**Instructions to follow**
Would you go through the records below and copy each line with the string "linetypes"?

**Data supplied**

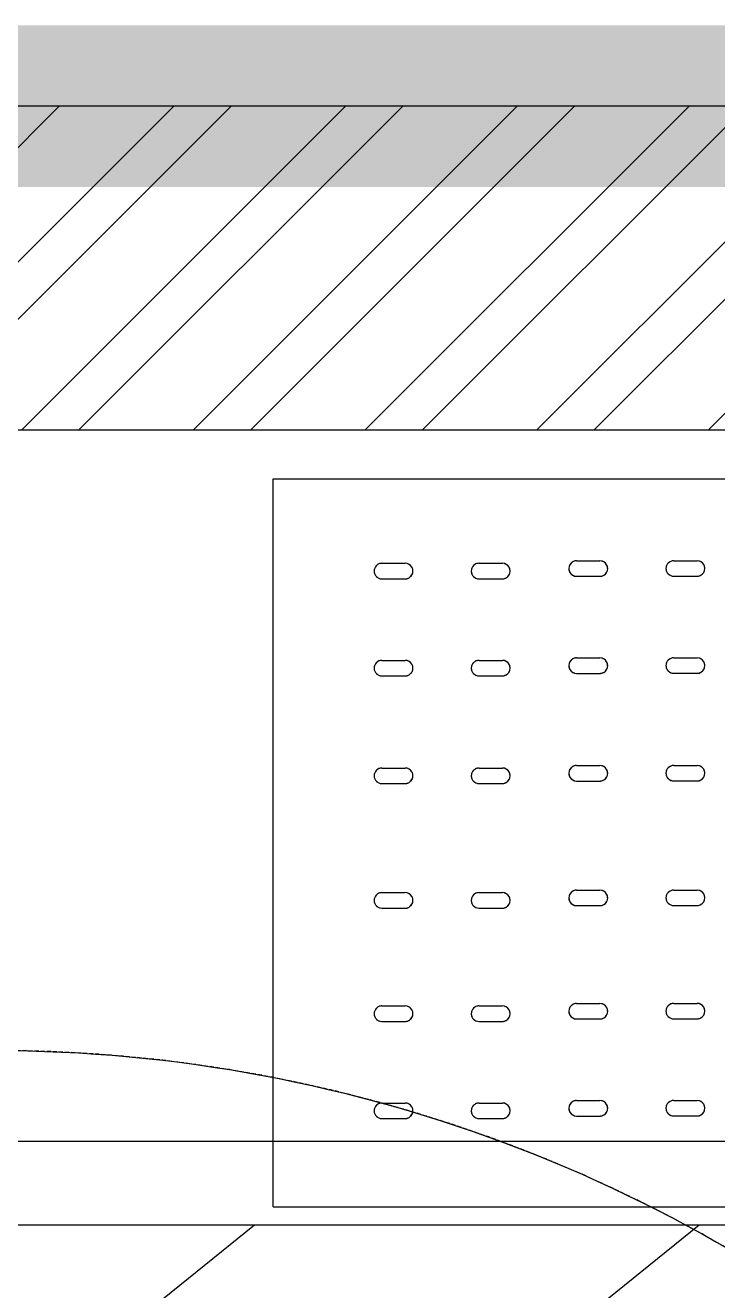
# Model space of a CAD drawing. Extents: x -2975 to 7327, y -1166 to 1029.
# Drawn here: x 318.1 to 360.8, y 864.5 to 942.7 of the extents above; entities that cross this region are included whole.
import ezdxf

# ---------------------------------------------------------------- set-up
doc = ezdxf.new("R2010")
doc.units = 0
doc.linetypes.add('XR-Mince$0$Anchor Stor (Ground Floor Plan ) Xref$2$Retail Building ( Ground Floor ) Xref$0$HIDDEN', pattern=[0.375, 0.25, -0.125])
doc.linetypes.add('XR-Mince$0$LOWER LEVEL GROUND FLOOR$0$DASHDOT', pattern=[25.4, 12.7, -6.35, 0, -6.35])
for name, color, linetype in [('E-TEXT-LIGHTING', 7, 'Continuous'), ('HVAC Duct', 5, 'Continuous'), ('M-HVAC-BLUE', 5, 'Continuous'), ('XR-Mince$0$D2-03-04 PLAN$0$A-SECT-004L', 8, 'Continuous'), ('XR-Mince$0$EQUIPMENT', 15, 'Continuous'), ('XR-Mince$0$EQUIPMENTS', 15, 'Continuous'), ('XR-Mince$0$fur dashed', 15, 'XR-Mince$0$Anchor Stor (Ground Floor Plan ) Xref$2$Retail Building ( Ground Floor ) Xref$0$HIDDEN'), ('XR-Mince$0$hatch-wall', 8, 'Continuous'), ('XR-Mince$0$lease line', 8, 'Continuous'), ('XR-Mince$0$panel', 8, 'Continuous'), ('XR-Mince$0$TAXT', 8, 'Continuous')]:
    doc.layers.add(name, color=color, linetype=linetype)

# ---------------------------------------------------------------- blocks, each defined once
blk = doc.blocks.new('XR-Mince$0$C_Door')
at = {"layer": 'XR-Mince$0$EQUIPMENTS'}
blk.add_arc((2599.758, 491.731), 87.34, 269.99993, 312.32573, dxfattribs=at)
blk = doc.blocks.new('XR-Mince$0$A$C27630E02')
at = {"layer": 'XR-Mince$0$EQUIPMENT'}
for p, q in [((0.45, 1.2), (0, 1.2)), ((0, 1.2), (0, 0)), ((0.45, 1.2), (0.45, 0)), ((0.05216, 1.13284), (0.05216, 1.11844)), ((0.05216, 1.13284), (0.05216, 1.11844)), ((0.06176, 1.13284), (0.06176, 1.11844)), ((0.06176, 1.13284), (0.06176, 1.11844)), ((0.11216, 1.13284), (0.11216, 1.11844)), ((0.11216, 1.13284), (0.11216, 1.11844)), ((0.12176, 1.13284), (0.12176, 1.11844)), ((0.12176, 1.13284), (0.12176, 1.11844)), ((0.17869, 1.13284), (0.17869, 1.11844)), ((0.17869, 1.13284), (0.17869, 1.11844)), ((0.18829, 1.13284), (0.18829, 1.11844)), ((0.18829, 1.13284), (0.18829, 1.11844)), ((0.25572, 1.13284), (0.25572, 1.11844)), ((0.25572, 1.13284), (0.25572, 1.11844)), ((0.26532, 1.13284), (0.26532, 1.11844)), ((0.26532, 1.13284), (0.26532, 1.11844)), ((0.32576, 1.13284), (0.32576, 1.11844)), ((0.32576, 1.13284), (0.32576, 1.11844)), ((0.33536, 1.13284), (0.33536, 1.11844)), ((0.33536, 1.13284), (0.33536, 1.11844)), ((0.38576, 1.13284), (0.38576, 1.11844)), ((0.38576, 1.13284), (0.38576, 1.11844)), ((0.39536, 1.13284), (0.39536, 1.11844)), ((0.39536, 1.13284), (0.39536, 1.11844)), ((0.05216, 1.07284), (0.05216, 1.05844)), ((0.05216, 1.07284), (0.05216, 1.05844)), ((0.06176, 1.07284), (0.06176, 1.05844)), ((0.06176, 1.07284), (0.06176, 1.05844)), ((0.11216, 1.07284), (0.11216, 1.05844)), ((0.11216, 1.07284), (0.11216, 1.05844)), ((0.12176, 1.07284), (0.12176, 1.05844)), ((0.12176, 1.07284), (0.12176, 1.05844)), ((0.17869, 1.07284), (0.17869, 1.05844)), ((0.17869, 1.07284), (0.17869, 1.05844)), ((0.18829, 1.07284), (0.18829, 1.05844)), ((0.18829, 1.07284), (0.18829, 1.05844)), ((0.25572, 1.07284), (0.25572, 1.05844)), ((0.25572, 1.07284), (0.25572, 1.05844)), ((0.26532, 1.07284), (0.26532, 1.05844)), ((0.26532, 1.07284), (0.26532, 1.05844)), ((0.32576, 1.07284), (0.32576, 1.05844)), ((0.32576, 1.07284), (0.32576, 1.05844)), ((0.33536, 1.07284), (0.33536, 1.05844)), ((0.33536, 1.07284), (0.33536, 1.05844)), ((0.38576, 1.07284), (0.38576, 1.05844)), ((0.38576, 1.07284), (0.38576, 1.05844)), ((0.39536, 1.07284), (0.39536, 1.05844)), ((0.39536, 1.07284), (0.39536, 1.05844)), ((0.05061, 1.01258), (0.05061, 0.99818)), ((0.05061, 1.01258), (0.05061, 0.99818)), ((0.06021, 1.01258), (0.06021, 0.99818)), ((0.06021, 1.01258), (0.06021, 0.99818)), ((0.11061, 1.01258), (0.11061, 0.99818)), ((0.11061, 1.01258), (0.11061, 0.99818)), ((0.12021, 1.01258), (0.12021, 0.99818)), ((0.12021, 1.01258), (0.12021, 0.99818)), ((0.17714, 1.01258), (0.17714, 0.99818)), ((0.17714, 1.01258), (0.17714, 0.99818)), ((0.18674, 1.01258), (0.18674, 0.99818)), ((0.18674, 1.01258), (0.18674, 0.99818)), ((0.25417, 1.01258), (0.25417, 0.99818)), ((0.25417, 1.01258), (0.25417, 0.99818)), ((0.26377, 1.01258), (0.26377, 0.99818)), ((0.26377, 1.01258), (0.26377, 0.99818)), ((0.32421, 1.01258), (0.32421, 0.99818)), ((0.32421, 1.01258), (0.32421, 0.99818)), ((0.33381, 1.01258), (0.33381, 0.99818)), ((0.33381, 1.01258), (0.33381, 0.99818)), ((0.38421, 1.01258), (0.38421, 0.99818)), ((0.38421, 1.01258), (0.38421, 0.99818)), ((0.39381, 1.01258), (0.39381, 0.99818)), ((0.39381, 1.01258), (0.39381, 0.99818)), ((0.05057, 0.95258), (0.05057, 0.93818)), ((0.05057, 0.95258), (0.05057, 0.93818)), ((0.06017, 0.95258), (0.06017, 0.93818)), ((0.06017, 0.95258), (0.06017, 0.93818)), ((0.11057, 0.95258), (0.11057, 0.93818)), ((0.11057, 0.95258), (0.11057, 0.93818)), ((0.12017, 0.95258), (0.12017, 0.93818)), ((0.12017, 0.95258), (0.12017, 0.93818)), ((0.1771, 0.95258), (0.1771, 0.93818)), ((0.1771, 0.95258), (0.1771, 0.93818)), ((0.1867, 0.95258), (0.1867, 0.93818)), ((0.1867, 0.95258), (0.1867, 0.93818)), ((0.25413, 0.95258), (0.25413, 0.93818)), ((0.25413, 0.95258), (0.25413, 0.93818)), ((0.26373, 0.95258), (0.26373, 0.93818)), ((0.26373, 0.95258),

**Response to this task**
doc.linetypes.add('XR-Mince$0$Anchor Stor (Ground Floor Plan ) Xref$2$Retail Building ( Ground Floor ) Xref$0$HIDDEN', pattern=[0.375, 0.25, -0.125])
doc.linetypes.add('XR-Mince$0$LOWER LEVEL GROUND FLOOR$0$DASHDOT', pattern=[25.4, 12.7, -6.35, 0, -6.35])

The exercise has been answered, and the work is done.